Genus Babesia includes more than 100 species, with intraerythrocytic localization in the vertebrate host, causing mild to severe haemolytic diseases [2, 8]. Several ixodid ticks are thought to be involved in their transmission, although vector competence has not been confirmed in all cases [9]. Feline babesiosis is a relatively newly recognized clinical entity, with most available studies originating from South Africa [10]. Non-specific clinical signs such as anaemia, lethargy, and anorexia are described, whereas icterus and fever are inconsistently found [11]. While several Babesia spp. have been documented in domestic cats, the species most commonly associated with clinical cases is Babesia felis [10]. In Europe, Babesia microti [12, 13] and dog-related species such as Babesia canis [14, 15], Babesia vogeli [15, 16], and Babesia vulpes (formerly known as Theileria annae) [14, 17] have been detected in domestic cats. Nevertheless, the European cases were rarely associated with clinical manifestations. Recently, Babesia pisicii was described in European wild cats, Felis silvestris in Romania [18], but its presence in domestic cats has not been documented yet.

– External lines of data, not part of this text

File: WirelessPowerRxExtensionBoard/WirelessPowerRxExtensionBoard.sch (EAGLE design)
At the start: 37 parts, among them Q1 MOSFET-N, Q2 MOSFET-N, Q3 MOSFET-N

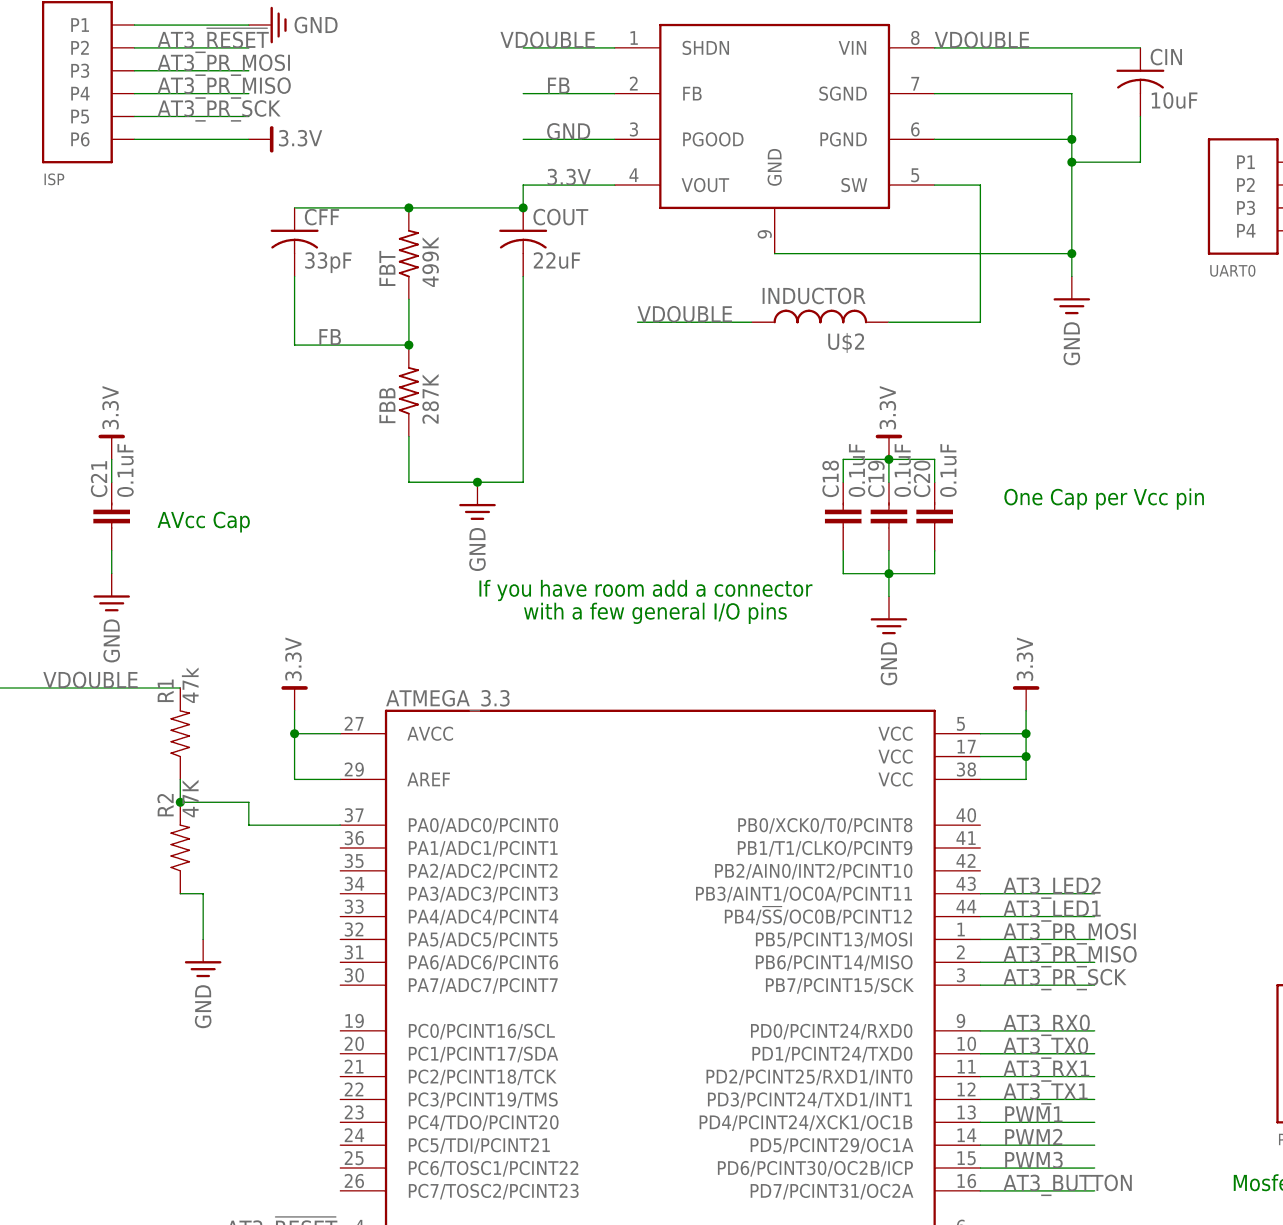
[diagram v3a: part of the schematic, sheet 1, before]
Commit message: Second Rerouting Revision Complete
Extended Ground plane across entire board, switched Voltage regulator
feedback resistors to 0603
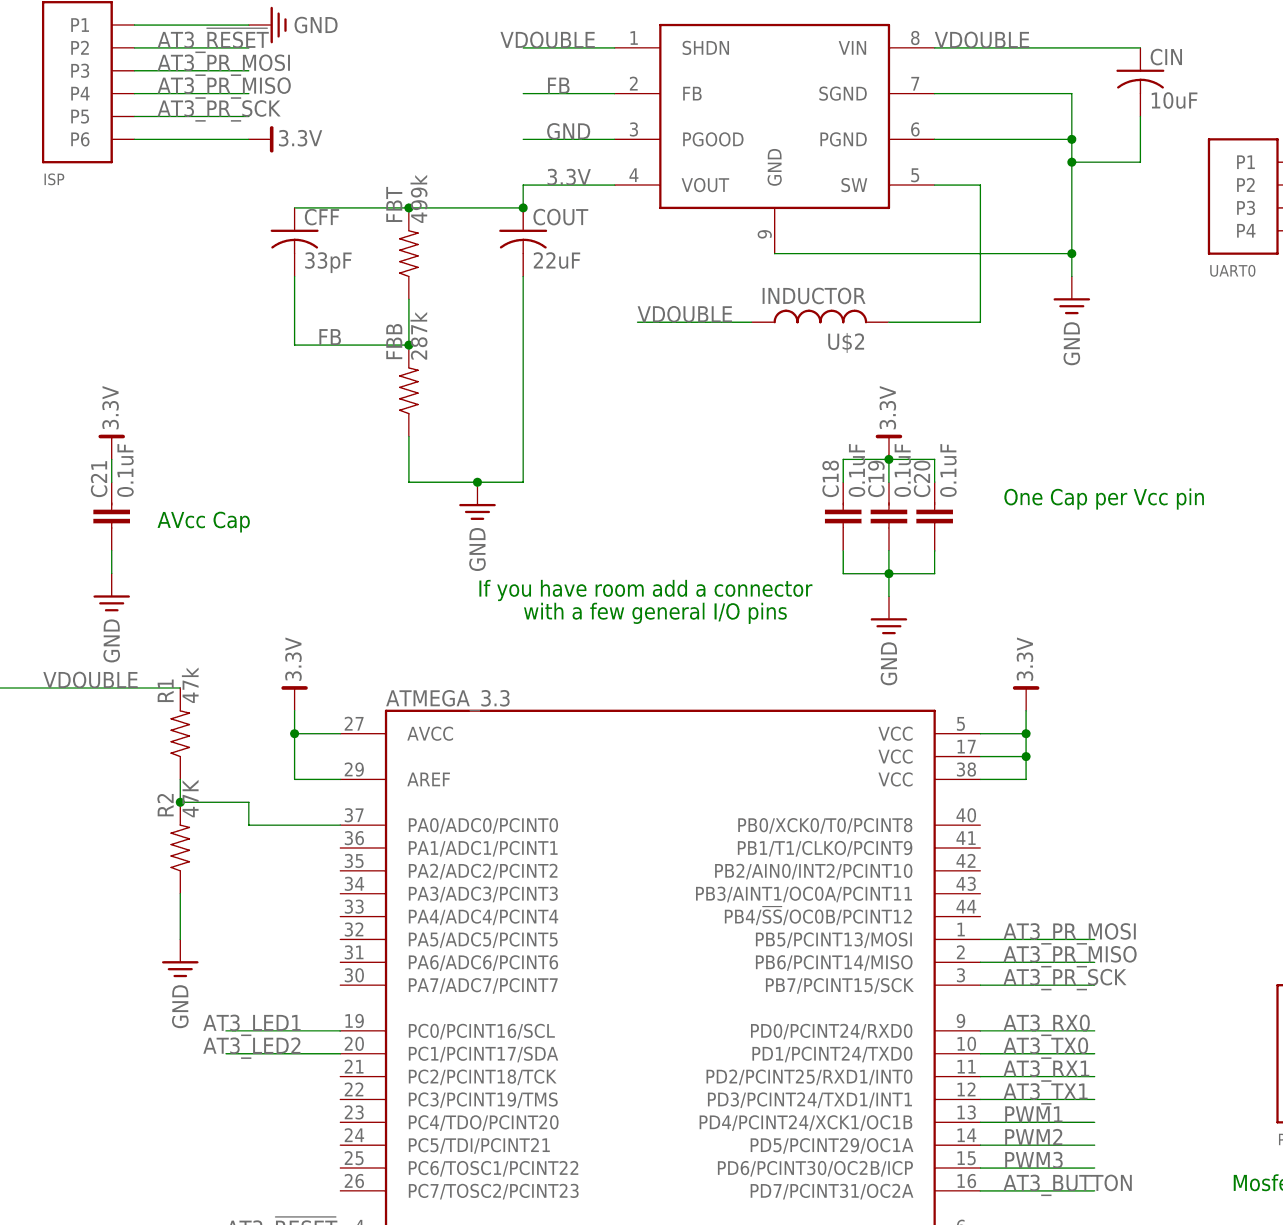
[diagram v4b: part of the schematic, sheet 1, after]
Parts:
- FBB: value 287K -> 287k; device resistor:R-US_M0805 -> carrick:RES0603
- FBT: value 499K -> 499k; device resistor:R-US_M0805 -> carrick:RES0603
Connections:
- net AT3_LED1: now also ATMEGA_3.3.PC0/PCINT16/SCL; no longer ATMEGA_3.3.PB4/!SS!/OC0B/PCINT12
- net AT3_LED2: now also ATMEGA_3.3.PC1/PCINT17/SDA; no longer ATMEGA_3.3.PB3/AINT1/OC0A/PCINT11
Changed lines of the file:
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@@
 <part name="CIN" library="rcl" deviceset="C-US" device="C0805" value="10uF"/>
 <part name="COUT" library="rcl" deviceset="C-US" device="C0805" value="22uF"/>
-<part name="FBT" library="resistor" deviceset="R-US_" device="M0805" value="499K"/>
-<part name="FBB" library="resistor" deviceset="R-US_" device="M0805" value="287K"/>
 <part name="SUPPLY3" library="000_carrick" deviceset="GND" device=""/>
 <part name="CFF" library="rcl" deviceset="C-US" device="C0201" value="33pF"/>
@@
 <part name="R1" library="carrick" deviceset="RES" device="0603" value="47k"/>
 <part name="R2" library="carrick" deviceset="RES" device="0603" value="47K"/>
+<part name="FBT" library="carrick" deviceset="RES" device="0603" value="499k"/>
+<part name="FBB" library="carrick" deviceset="RES" device="0603" value="287k"/>
 </parts>
 <sheets>
@@
 <instance part="CIN" gate="G$1" x="134.62" y="170.18"/>
 <instance part="COUT" gate="G$1" x="66.04" y="152.4"/>
-<instance part="FBT" gate="G$1" x="53.34" y="149.86" rot="R90"/>
-<instance part="FBB" gate="G$1" x="53.34" y="134.62" rot="R90"/>
 <instance part="SUPPLY3" gate="GND" x="60.96" y="121.92"/>
 <instance part="CFF" gate="G$1" x="40.64" y="152.4"/>
 <instance part="U$1" gate="G$1" x="93.98" y="165.1"/>
 <instance part="U$2" gate="G$1" x="99.06" y="142.24" rot="R90"/>
-<instance part="SUPPLY4" gate="GND" x="30.48" y="71.12"/>
+<instance part="SUPPLY4" gate="GND" x="27.94" y="71.12"/>
 <instance part="C1" gate="G$1" x="22.86" y="33.02"/>
 <instance part="C2" gate="G$1" x="22.86" y="17.78"/>
@@
 <instance part="R1" gate="G$1" x="27.94" y="96.52" rot="R90"/>
 <instance part="R2" gate="G$1" x="27.94" y="83.82" rot="R90"/>
+<instance part="FBT" gate="G$1" x="53.34" y="149.86" rot="R90"/>
+<instance part="FBB" gate="G$1" x="53.34" y="134.62" rot="R90"/>
 </instances>
 <busses>
@@
 <pinref part="COUT" gate="G$1" pin="2"/>
 <wire x1="66.04" y1="147.32" x2="66.04" y2="124.46" width="0.1524" layer="91"/>
-<pinref part="FBB" gate="G$1" pin="1"/>
 <wire x1="66.04" y1="124.46" x2="60.96" y2="124.46" width="0.1524" layer="91"/>
 <wire x1="60.96" y1="124.46" x2="53.34" y2="124.46" width="0.1524" layer="91"/>
@@
 <pinref part="SUPPLY3" gate="GND" pin="GND"/>
 <junction x="60.96" y="124.46"/>
+<pinref part="FBB" gate="G$1" pin="1"/>
 </segment>
 <segment>
 <pinref part="SUPPLY4" gate="GND" pin="GND"/>
 <pinref part="R2" gate="G$1" pin="1"/>
-<wire x1="27.94" y1="78.74" x2="30.48" y2="78.74" width="0.1524" layer="91"/>
-<wire x1="30.48" y1="78.74" x2="30.48" y2="73.66" width="0.1524" layer="91"/>
+<wire x1="27.94" y1="73.66" x2="27.94" y2="78.74" width="0.1524" layer="91"/>
 </segment>
 </net>
@@
 <pinref part="COUT" gate="G$1" pin="1"/>
 <wire x1="66.04" y1="157.48" x2="66.04" y2="154.94" width="0.1524" layer="91"/>
-<pinref part="FBT" gate="G$1" pin="2"/>
-<wire x1="66.04" y1="154.94" x2="53.34" y2="154.94" width="0.1524" layer="91"/>
 <junction x="66.04" y="154.94"/>
 <pinref part="CFF" gate="G$1" pin="1"/>
+<wire x1="66.04" y1="154.94" x2="53.34" y2="154.94" width="0.1524" layer="91"/>
+<pinref part="U$1" gate="G$1" pin="VOUT"/>
+<pinref part="FBT" gate="G$1" pin="2"/>
 <wire x1="53.34" y1="154.94" x2="40.64" y2="154.94" width="0.1524" layer="91"/>
 <junction x="53.34" y="154.94"/>
-<pinref part="U$1" gate="G$1" pin="VOUT"/>
 </segment>
 </net>
@@
 </segment>
 <segment>
-<wire x1="129.54" y1="76.2" x2="116.84" y2="76.2" width="0.1524" layer="91"/>
-<label x="119.38" y="76.2" size="1.778" layer="95"/>
-<pinref part="ATMEGA_3.3" gate="G$1" pin="PB4/!SS!/OC0B/PCINT12"/>
+<pinref part="ATMEGA_3.3" gate="G$1" pin="PC0/PCINT16/SCL"/>
+<wire x1="45.72" y1="63.5" x2="33.02" y2="63.5" width="0.1524" layer="91"/>
+<label x="30.48" y="63.5" size="1.778" layer="95"/>
 </segment>
 </net>
@@
 </segment>
 <segment>
-<wire x1="129.54" y1="78.74" x2="116.84" y2="78.74" width="0.1524" layer="91"/>
-<label x="119.38" y="78.74" size="1.778" layer="95"/>
-<pinref part="ATMEGA_3.3" gate="G$1" pin="PB3/AINT1/OC0A/PCINT11"/>
+<pinref part="ATMEGA_3.3" gate="G$1" pin="PC1/PCINT17/SDA"/>
+<wire x1="45.72" y1="60.96" x2="33.02" y2="60.96" width="0.1524" layer="91"/>
+<label x="30.48" y="60.96" size="1.778" layer="95"/>
 </segment>
 </net>
@@
 <segment>
 <wire x1="40.64" y1="147.32" x2="40.64" y2="139.7" width="0.1524" layer="91"/>
-<pinref part="FBB" gate="G$1" pin="2"/>
 <wire x1="40.64" y1="139.7" x2="53.34" y2="139.7" width="0.1524" layer="91"/>
-<pinref part="FBT" gate="G$1" pin="1"/>
 <wire x1="53.34" y1="144.78" x2="53.34" y2="139.7" width="0.1524" layer="91"/>
-<junction x="53.34" y="139.7"/>
 <pinref part="CFF" gate="G$1" pin="2"/>
 <label x="43.18" y="139.7" size="1.778" layer="95"/>
-</segment>
-</net>
+<pinref part="FBT" gate="G$1" pin="1"/>
+<pinref part="FBB" gate="G$1" pin="2"/>
+<junction x="53.34" y="139.7"/>
+</segment>
+</net>

Hepatozoon spp. are haemogregarines with a life-cycle shared between a wide range of vertebrates as intermediate hosts and various haematophagous arthropods as definitive hosts [19]. The main transmission pathway is represented by the ingestion of the arthropod definitive host containing mature sporozoites by the intermediate host [20]. In domestic cats, Hepatozoon spp. were reported for the first time in India [21]. Since then, Hepatozoon infections have been found in domestic cats and various wild felids worldwide [22]. In Europe, Hepatozoon felis is recognized as the main agent infecting domestic and wild felines [15, 16, 23,24,25,26,27,28,29,30,31,32,33,34,35,36]. Hepatozoon canis has also been reported in domestic cats in Europe [28, 29, 37,38,39]. Recently, a novel species, Hepatozoon silvestris, was described in European wild cats from Bosnia and Herzegovina [30] and was further reported in domestic [29, 35, 40] and wild felids [31] in Europe. Feline hepatozoonosis is mostly subclinical, with no significant inflammatory response in association with the presence of meronts in muscle tissue [26, 31].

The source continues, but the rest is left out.